Personally, I follow the discussion on sites such as Groklaw, Slashdot, and Boycott Novell, and I am well educated on Microsoft’s Machiavellian tactics and the harm they do to us all. However, Microsoft is not going to go away until main stream Microsoft users and share holders finally come to understand what Microsoft stands for. They are not going to read the web sites just mentioned. The only hope for their education lies with the main stream press where they will feel comfortable and at home. We must be careful not to alienate the mainstream press, but rather be kind and patient and teach them how to properly educate their readers and how and why this will benefit us all in the long run. Most important, we must give them credit and encouragement where warranted. Perhaps along these lines Boycott Novel could hand out Mainstream Press Rewards like some kind of a Pulitzer Prize for outstanding reporting as seen from Bocott Novell’s unique perspective.
your_friend Reply:
November 1st, 2009 at 3:04 pm
It is right to correct journalist when they are manipulated or deceitful. No good purpose is served by lying to the public. Shareholders and users and others with larger interests in the subject are those who most need to know the truth. People who lie on Microsoft’s behalf, regardless of the reason, are rightly called Microsoft Boosters. Their shame comes from their actions.
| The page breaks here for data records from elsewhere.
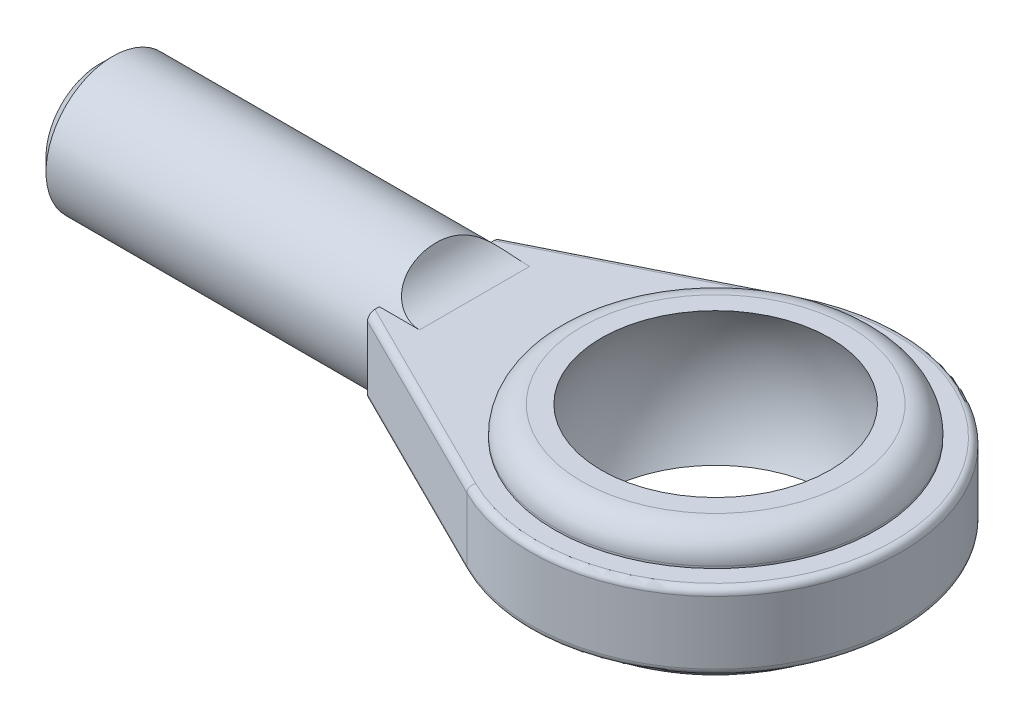
ISO-10303-21;
HEADER;
FILE_DESCRIPTION(('STEP AP214'),'2;1');
FILE_NAME('part.step','',(''),(''),'','','');
FILE_SCHEMA(('AUTOMOTIVE_DESIGN { 1 0 10303 214 1 1 1 1 }'));
ENDSEC;
DATA;
#1=APPLICATION_CONTEXT('core data for automotive mechanical design processes');
#2=APPLICATION_PROTOCOL_DEFINITION('international standard','automotive_design',2000,#1);
#3=PRODUCT_CONTEXT('',#1,'mechanical');
#4=PRODUCT('Part','Part','',(#3));
#5=PRODUCT_RELATED_PRODUCT_CATEGORY('part','',(#4));
#6=PRODUCT_DEFINITION_FORMATION('','',#4);
#7=PRODUCT_DEFINITION_CONTEXT('part definition',#1,'design');
#8=PRODUCT_DEFINITION('design','',#6,#7);
#9=PRODUCT_DEFINITION_SHAPE('','',#8);
#10=(LENGTH_UNIT() NAMED_UNIT(*) SI_UNIT(.MILLI.,.METRE.));
#11=(NAMED_UNIT(*) PLANE_ANGLE_UNIT() SI_UNIT($,.RADIAN.));
#12=(NAMED_UNIT(*) SI_UNIT($,.STERADIAN.) SOLID_ANGLE_UNIT());
#13=UNCERTAINTY_MEASURE_WITH_UNIT(LENGTH_MEASURE(1.E-05),#10,'distance_accuracy_value','');
#14=(GEOMETRIC_REPRESENTATION_CONTEXT(3) GLOBAL_UNCERTAINTY_ASSIGNED_CONTEXT((#13)) GLOBAL_UNIT_ASSIGNED_CONTEXT((#10,
#11,#12)) REPRESENTATION_CONTEXT('',''));
#15=CARTESIAN_POINT('',(0.,0.,0.));
#16=DIRECTION('',(0.,0.,1.));
#17=DIRECTION('',(1.,0.,0.));
#18=AXIS2_PLACEMENT_3D('',#15,#16,#17);
#19=CARTESIAN_POINT('',(46.,-5.,0.));
#20=DIRECTION('',(0.,1.,0.));
#21=DIRECTION('',(0.,0.,1.));
#22=AXIS2_PLACEMENT_3D('',#19,#20,#21);
#23=PLANE('',#22);
#24=CARTESIAN_POINT('',(46.,-5.,0.));
#25=DIRECTION('',(0.,1.,0.));
#26=DIRECTION('',(0.,0.,1.));
#27=AXIS2_PLACEMENT_3D('',#24,#25,#26);
#28=CIRCLE('',#27,10.);
#29=CARTESIAN_POINT('',(46.,-5.,10.));
#30=VERTEX_POINT('',#29);
#31=EDGE_CURVE('E494',#30,#30,#28,.F.);
#32=ORIENTED_EDGE('',*,*,#31,.T.);
#33=EDGE_LOOP('',(#32));
#34=FACE_BOUND('',#33,.T.);
#35=CARTESIAN_POINT('',(46.,-5.,0.));
#36=DIRECTION('',(0.,1.,0.));
#37=DIRECTION('',(0.,0.,1.));
#38=AXIS2_PLACEMENT_3D('',#35,#36,#37);
#39=CIRCLE('',#38,8.54458893101359);
#40=CARTESIAN_POINT('',(46.,-5.,8.54458893101359));
#41=VERTEX_POINT('',#40);
#42=EDGE_CURVE('E482',#41,#41,#39,.F.);
#43=ORIENTED_EDGE('',*,*,#42,.F.);
#44=EDGE_LOOP('',(#43));
#45=FACE_BOUND('',#44,.T.);
#46=ADVANCED_FACE('F36',(#34,#45),#23,.F.);
#47=CARTESIAN_POINT('',(46.,5.,0.));
#48=DIRECTION('',(0.,1.,0.));
#49=DIRECTION('',(0.,0.,1.));
#50=AXIS2_PLACEMENT_3D('',#47,#48,#49);
#51=PLANE('',#50);
#52=CARTESIAN_POINT('',(46.,5.,0.));
#53=DIRECTION('',(0.,1.,0.));
#54=DIRECTION('',(0.,0.,1.));
#55=AXIS2_PLACEMENT_3D('',#52,#53,#54);
#56=CIRCLE('',#55,10.);
#57=CARTESIAN_POINT('',(46.,5.,10.));
#58=VERTEX_POINT('',#57);
#59=EDGE_CURVE('E46',#58,#58,#56,.T.);
#60=ORIENTED_EDGE('',*,*,#59,.T.);
#61=EDGE_LOOP('',(#60));
#62=FACE_BOUND('',#61,.T.);
#63=CARTESIAN_POINT('',(46.,5.,0.));
#64=DIRECTION('',(0.,1.,0.));
#65=DIRECTION('',(0.,0.,1.));
#66=AXIS2_PLACEMENT_3D('',#63,#64,#65);
#67=CIRCLE('',#66,8.54458893101359);
#68=CARTESIAN_POINT('',(46.,5.,8.54458893101359));
#69=VERTEX_POINT('',#68);
#70=EDGE_CURVE('E40',#69,#69,#67,.F.);
#71=ORIENTED_EDGE('',*,*,#70,.T.);
#72=EDGE_LOOP('',(#71));
#73=FACE_BOUND('',#72,.T.);
#74=ADVANCED_FACE('F152',(#62,#73),#51,.T.);
#75=CARTESIAN_POINT('',(0.,2.85,0.));
#76=DIRECTION('',(0.,1.,0.));
#77=DIRECTION('',(0.,0.,1.));
#78=AXIS2_PLACEMENT_3D('',#75,#76,#77);
#79=PLANE('',#78);
#80=DIRECTION('',(0.,0.,1.));
#81=VECTOR('',#80,1.);
#82=CARTESIAN_POINT('',(28.,2.85,4.10822346032929));
#83=LINE('',#82,#81);
#84=CARTESIAN_POINT('',(28.,2.85,-4.10822346032929));
#85=VERTEX_POINT('',#84);
#86=CARTESIAN_POINT('',(28.,2.85,4.10822346032929));
#87=VERTEX_POINT('',#86);
#88=EDGE_CURVE('E90',#85,#87,#83,.T.);
#89=ORIENTED_EDGE('',*,*,#88,.T.);
#90=DIRECTION('',(-1.,0.,0.));
#91=VECTOR('',#90,1.);
#92=CARTESIAN_POINT('',(28.,2.85,4.10822346032929));
#93=LINE('',#92,#91);
#94=CARTESIAN_POINT('',(25.,2.85,4.10822346032929));
#95=VERTEX_POINT('',#94);
#96=EDGE_CURVE('E95',#87,#95,#93,.T.);
#97=ORIENTED_EDGE('',*,*,#96,.T.);
#98=DIRECTION('',(0.,0.,1.));
#99=VECTOR('',#98,1.);
#100=CARTESIAN_POINT('',(25.,2.85,0.));
#101=LINE('',#100,#99);
#102=CARTESIAN_POINT('',(25.,2.85,4.4412127348407));
#103=VERTEX_POINT('',#102);
#104=EDGE_CURVE('E292',#95,#103,#101,.T.);
#105=ORIENTED_EDGE('',*,*,#104,.T.);
#106=DIRECTION('',(0.894794908859371,0.,0.446477402652531));
#107=VECTOR('',#106,1.);
#108=CARTESIAN_POINT('',(40.0395266745887,2.85,11.9455120332726));
#109=LINE('',#108,#107);
#110=CARTESIAN_POINT('',(40.0395266745887,2.85,11.9455120332726));
#111=VERTEX_POINT('',#110);
#112=EDGE_CURVE('E231',#103,#111,#109,.T.);
#113=ORIENTED_EDGE('',*,*,#112,.T.);
#114=CARTESIAN_POINT('',(46.,2.85,0.));
#115=DIRECTION('',(0.,1.,0.));
#116=DIRECTION('',(0.,0.,1.));
#117=AXIS2_PLACEMENT_3D('',#114,#115,#116);
#118=CIRCLE('',#117,13.35);
#119=CARTESIAN_POINT('',(40.0395266745887,2.85,-11.9455120332726));
#120=VERTEX_POINT('',#119);
#121=EDGE_CURVE('E234',#111,#120,#118,.T.);
#122=ORIENTED_EDGE('',*,*,#121,.T.);
#123=DIRECTION('',(-0.894794908859371,0.,0.446477402652531));
#124=VECTOR('',#123,1.);
#125=CARTESIAN_POINT('',(25.2232387013263,2.85,-4.55260254557032));
#126=LINE('',#125,#124);
#127=CARTESIAN_POINT('',(25.,2.85,-4.44121273484069));
#128=VERTEX_POINT('',#127);
#129=EDGE_CURVE('E237',#120,#128,#126,.T.);
#130=ORIENTED_EDGE('',*,*,#129,.T.);
#131=CARTESIAN_POINT('',(25.,2.85,-4.10822346032929));
#132=VERTEX_POINT('',#131);
#133=EDGE_CURVE('E294',#128,#132,#101,.T.);
#134=ORIENTED_EDGE('',*,*,#133,.T.);
#135=DIRECTION('',(-1.,0.,0.));
#136=VECTOR('',#135,1.);
#137=CARTESIAN_POINT('',(25.,2.85,-4.10822346032929));
#138=LINE('',#137,#136);
#139=EDGE_CURVE('E54',#132,#85,#138,.F.);
#140=ORIENTED_EDGE('',*,*,#139,.T.);
#141=EDGE_LOOP('',(#89,#97,#105,#113,#122,#130,#134,#140));
#142=FACE_BOUND('',#141,.T.);
#143=CARTESIAN_POINT('',(46.,2.85,0.));
#144=DIRECTION('',(0.,1.,0.));
#145=DIRECTION('',(0.,0.,1.));
#146=AXIS2_PLACEMENT_3D('',#143,#144,#145);
#147=CIRCLE('',#146,12.);
#148=CARTESIAN_POINT('',(46.,2.85,12.));
#149=VERTEX_POINT('',#148);
#150=EDGE_CURVE('E264',#149,#149,#147,.F.);
#151=ORIENTED_EDGE('',*,*,#150,.T.);
#152=EDGE_LOOP('',(#151));
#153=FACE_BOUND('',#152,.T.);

Boycott Novell does a fine job of promoting software freedom and others that promote it. Links bring well deserved attention to projects that don’t get it otherwise. Scorn is dumped where it belongs.
The whole browser thing is a distraction. The larger injustice is at the OEM, distribution and retail level, where Microsoft has insured that their OS is always the one that’s cheapest and best advertised. Competitors are sabotaged at all levels from hardware specs to retail floor. Sites like Groklaw, Boycott Novell, FSF and many others are seriously discussing this issue and deserve credit for it. People worried about “browser choice” have missed the big picture.
Roy Schestowitz Reply:
November 1st, 2009 at 3:13 pm
People tend to forget (revisionism is to blame here, at least in part) that it’s no more a “browser choice” thing (like “global warming -> “climate debate” or “bailout” -> “stimulus”) than a case of punishing Microsoft in Europe for the crimes that gave IE market share in the first place. They were found guilty.
A lot of “boosters” use the talking points served by Microsoft and European front groups like ACT and CompTIA, who insist that it’s all about offering choice. They have managed to change the debate. It’s spin doctoring.
Roy Schestowitz said,
November 1, 2009 at 2:56 pm
TropicalCoder,
I try to be gentle towards those whom I disagree with and the word “booster” is hopefully not offensive. Actually, OpenSUSE has just created a “boosters team” (yes, they call it that).
If you spot abundant rudeness in my posts, please point it out. I’m just not to sure how to emphasise sufficiently that a particular reporter works in tandem with Waggener Edstrom and those PR chaps. It is actually important to point this stuff out in order to put convictions into perspective, e.g. a Red hat employee or OSI president (or both as it happens to be) writing about FOSS and Novell.
BrownieBoy said,
November 2, 2009 at 5:52 pm
Actually, the Guardian’s Technology section ran a comparison of Ubuntu 9.10 and Windows 7 only last week. And yes, it was fair and balanced.
http://www.guardian.co.uk/technology/blog/2009/oct/27/ubuntu-koala-windows7-review
Microsoft Jack is the problem. (Needless to say, the abouve review was not from him). Surely, the other journalists who work in that section must be counting off the days to his retirement.